Betroffen sind Autobahnen und Bundesstraßen genauso wie Innerortsstraßen.
Blitzermarathon im April 2026
Mithilfe der verstärkten Radarkontrollen will die Polizei die Autofahrenden daran erinnern, sich an die geltenden Tempolimits zu halten. Die erste "Speedweek" des Jahres findet von Montag, 13. April, bis Sonntag, 19. April, statt. Den Höhepunkt der Aktion bildet der Mittwoch, 15. April.
Wichtig zu wissen: Diese Woche liegt mitten in den Osterferien. Fast ganz Deutschland ist dann auf den Straßen unterwegs.
Radarkontrollen: Welche Bundesländer nehmen teil?
Die Beteiligung an der Frühjahrs-Aktion ist traditionsgemäß deutlich stärker als im Sommer. Aber auch hier beschränken sich einige Bundesländer auf den Haupttag der Aktion (15. April). Dass einige Bundesländer sich gar nicht beteiligen, hat seine Gründe: Kapazitätsengpässe oder Zweifel an der Sinnhaftigkeit.
Nach aktuellem Stand nehmen folgende Bundesländer im April teil:
Baden-Württemberg: Blitzermarathon am 15. April
Bayern: Blitzermarathon am 15. April
Berlin: Speedweek vom 13. bis 19. April
Brandenburg: Blitzermarathon am 15. April
Bremen: Speedweek vom 13. bis 19. April
Hamburg: Speedweek vom 13. bis 19. April, ein Schwerpunkttag (Datum steht noch nicht fest)
Hessen: Speedweek vom 13. bis 19. April inklusive Blitzermarathon am 15. April
Mecklenburg-Vorpommern: Speedweek vom 13. bis 19. April inklusive Blitzermarathon am 15. April Tempokontrollen im gesamten April
Niedersachsen: Speedweek vom 13. bis 19. April, kein Höhepunkttag
Nordrhein-Westfalen: Speedweek vom 13. bis 19. April, kein Höhepunkttag
Rheinland-Pfalz: Speedweek vom 13. bis 19. April inklusive Blitzermarathon am 15. April
Sachsen: Speedweek vom 13. bis 19. April
Sachsen-Anhalt: Speedweek vom 13. bis 19. April
Schleswig-Holstein: Speedweek vom 13. bis 19. April, kein spez.

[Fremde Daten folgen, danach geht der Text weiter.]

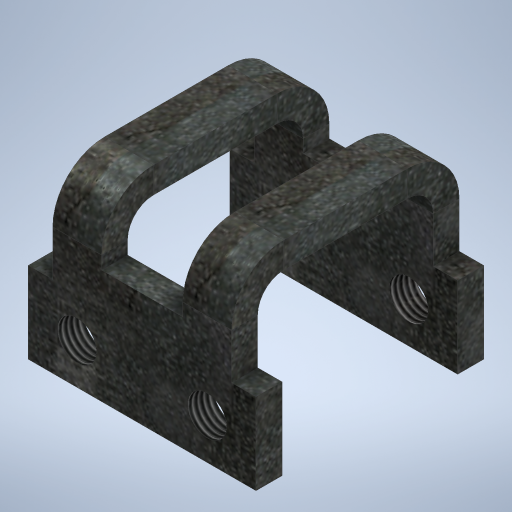
# Autodesk Inventor part: Encaixe Macaco
Saved by Autodesk Inventor 2024 (Build 280153000, 153)
## iProperties
Created: 2024-06-03
Part Number: Encaixe Macaco
Material: Steel ASTM A36
Document SubType Name: Sheet Metal
Designer: Pedro
Density: 7.85 g/cm^3
Sheet Metal Rule: Default_mm
Appearance: Plate
Mass: 418.159 g
Surface Area: 200.819 cm^2
Volume: 53.2687 cm^3
Author: Pedro
Autodesk Inventor part; units mm, degrees
ref_plane "YZ Plane" through (0, 0, 0) normal (1, 0, 0) x (0, 1, 0)
ref_plane "XZ Plane" through (0, 0, 0) normal (0, 1, 0) x (-1, 0, 0)
ref_plane "XY Plane" through (0, 0, 0) normal (0, 0, 1) x (1, 0, 0)
sketch "Sketch1" plane through (0, 0, 0) normal (0, 0, 1) x (1, 0, 0)
  line L0 (2.0005, 12.9652) -> (57.0005, 12.9652)
  line L1 (17.0005, -7.0348) -> (17.0005, 12.9652)
  line L2 (42.0005, 12.9652) -> (42.0005, -7.0348)
  line L3 (42.0005, -7.0348) -> (17.0005, -7.0348)
  line L4 (57.0005, 12.9652) -> (57.0005, -17.0348)
  line L5 (57.0005, -17.0348) -> (64.5005, -17.0348)
  line L6 (64.5005, -17.0348) -> (64.5005, -42.0348)
  line L7 (64.5005, -42.0348) -> (-5.4995, -42.0348)
  line L8 (-5.4995, -42.0348) -> (-5.4995, -17.0348)
  line L9 (-5.4995, -17.0348) -> (2.0005, -17.0348)
  line L10 (2.0005, -17.0348) -> (2.0005, 12.9652)
  point P0 (0, 0)
  point P1 (29.386, -7.0707)
  point P2 (29.5005, -7.0348)
  point P3 (29.5005, 12.9652)
  dimension "d8" = 25
  dimension "d116" = 55
  dimension "d128" = 30
  dimension "d129" = 7.5
  dimension "d130" = 25
  dimension "d131" = 70
  dimension "d132" = 90
  dimension "d133" = 25
  dimension "d134" = 7.5
  dimension "d135" = 27.5
  dimension "d139" = 20
  measures "d8" distance of L1.start L2.end
  measures "d116" distance of L0.start L0.end
  measures "d128" distance of L0.end L4.end
  measures "d129" distance of L4.end L5.end
  measures "d130" distance of L5.end L6.end
  measures "d131" distance of L6.end L7.end
  measures "d132" angle of L6 L7
  measures "d133" distance of L7.end L8.end
  measures "d134" distance of L8.end L9.end
  measures "d135" distance from line of point (29.5, -7.035) L10
  measures "d139" distance of point (29.5, 12.965) point (29.5, -7.035)
extrude "Plate1" add sketch "Sketch1" along normal blind 8 contours L0 L1 L3 L2 L4 L5 L6 L7 L8 L9 L10
sketch "Sketch2" plane through (17.0005, 4.9652, 8) normal (0, 1, 0) x (-1, 0, 0)
  line L0 (15, 0) -> (0, 0)
  line L1 (0, 0) -> (0, -35)
  line L2 (0, -35) -> (15, -35)
  line L3 (15, -35) -> (15, 0)
  constraints: 6 end point, 1 horizontal, 1 perpendicular, 1 vertical
edge flange "Flange1" height 35 angle 90 thickness 8 bend radius 8 thickness toward (0, 1, 0) relief straight relief width 8 relief depth 4 corner gap 8 corner form 0 edges at (9.5005, 12.9652, 0) (49.5005, 12.9652, 0) wall of the first edge with corners at (2.0005, 4.9652, 8) (17.0005, 4.9652, 8) (17.0005, 4.9652, -27) (2.0005, 4.9652, -27)
bend "Bend1"
corner "Corner1"
ref_plane "Work Plane2" through (0, 0, -27) normal (0, 0, 1) x (1, 0, 0)
mirror "Mirror1" about plane through (0, 0, -27) normal (0, 0, 1) of "Plate1"
sketch "Sketch6" plane through (2.0005, 4.9652, -62) normal (0, 1, 0) x (-1, 0, 0)
  line L0 (-15, 0) -> (0, 0)
  line L1 (0, 0) -> (0, 35)
  line L2 (0, 35) -> (-15, 35)
  line L3 (-15, 35) -> (-15, 0)
  constraints: 6 end point, 1 horizontal, 1 perpendicular, 1 vertical
edge flange "Flange4" height 35 angle 90 thickness 8 bend radius 8 thickness toward (0, 1, 0) relief straight relief width 8 relief depth 4 corner gap 8 corner form 0 edges at (9.5005, 12.9652, -54) (49.5005, 12.9652, -54) wall of the first edge with corners at (17.0005, 4.9652, -62) (2.0005, 4.9652, -62) (2.0005, 4.9652, -27) (17.0005, 4.9652, -27)
bend "Bend4"
corner "Corner4"
sketch "Sketch7" plane through (0, 0, 8) normal (0, 0, 1) x (1, 0, 0)
  circle A0 centre (9.5005, -29.5348) radius 6
  circle A1 centre (49.5005, -29.5348) radius 6
  line L0 (-5.4995, -42.0348) -> (-5.4995, -17.0348) projected
  line L1 (64.5005, -42.0348) -> (-5.4995, -42.0348) projected
  point P0 (0, 0)
  point P1 (-5.4995, -29.5348)
  point P2 (29.5005, -42.0348)
  dimension "d55" = 12
  dimension "d56" = 12
  dimension "d57" = 40
  dimension "d136" = 0
  dimension "d137" = 15
  dimension "d138" = 12.5
  constraints: 2 centre point, 2 midpoint
  measures "d55" diameter of A0
  measures "d56" diameter of A1
  measures "d57" distance of A1.centre A0.centre
  measures "d136" vertical distance of A1.centre A0.centre
  measures "d137" distance of point (-5.5, -29.535) A0.centre
  measures "d138" vertical distance of point (29.5, -42.035) A0.centre
extrude "Extrusion1" cut sketch "Sketch7" against normal blind 80
thread "Thread9" size "M12x1.75" class "6H" standard "ANSI Metric M Profile" length 350
thread "Thread10" size "M12x1.75" class "6H" standard "ANSI Metric M Profile" length 350
thread "Thread11" size "M12x1.75" class "6H" standard "ANSI Metric M Profile" length 350
thread "Thread12" size "M12x1.75" class "6H" standard "ANSI Metric M Profile" length 350
equation "\"d12\" = Thickness"
equation "\"d13\" = BendReliefWidth"
equation "\"d14\" = BendReliefDepth"
equation "\"d15\" = MinimumRemnant"
equation "\"d16\" = TransitionRadius"
equation "\"d19\" = BendRadius"
equation "\"d20\" = CornerReliefSize"
equation "\"d21\" = GapSize"
equation "\"d22\" = JacobiRadiusSize"
equation "\"GapSize\" = Thickness"
equation "\"BendRadius\" = Thickness"
equation "\"MinimumRemnant\" = 2 * Thickness"
equation "\"BendReliefDepth\" = 0.5 * Thickness"
equation "\"BendReliefWidth\" = Thickness"
equation "\"CornerReliefSize\" = 4 * Thickness"
equation "\"JacobiRadiusSize\" = BendRadius"
equation "\"TransitionRadius\" = BendRadius"
equation "\"d45\" = BendReliefWidth"
equation "\"d46\" = BendReliefDepth"
equation "\"d47\" = MinimumRemnant"
equation "\"d48\" = TransitionRadius"
equation "\"d51\" = BendRadius"
equation "\"d52\" = CornerReliefSize"
equation "\"d53\" = GapSize"
equation "\"d54\" = JacobiRadiusSize"
equation "\"Thickness\" = 8"
body "Solid1"

Aktionstag
Thüringen: Speedweek vom 13. bis 19. April
Und so wars in früheren Jahren: Einige Bundesländer wie Brandenburg setzten den Schwerpunkt auf Motorradfahrer. In Baden-Württemberg ließen Städte wie Heilbronn per Bürgerbefragung Standorte für Blitzer festlegen. In Hamburg gab es einen Mix aus stationären und mobilen Blitzern.
Die meisten Bundesländer informierten nicht vorab.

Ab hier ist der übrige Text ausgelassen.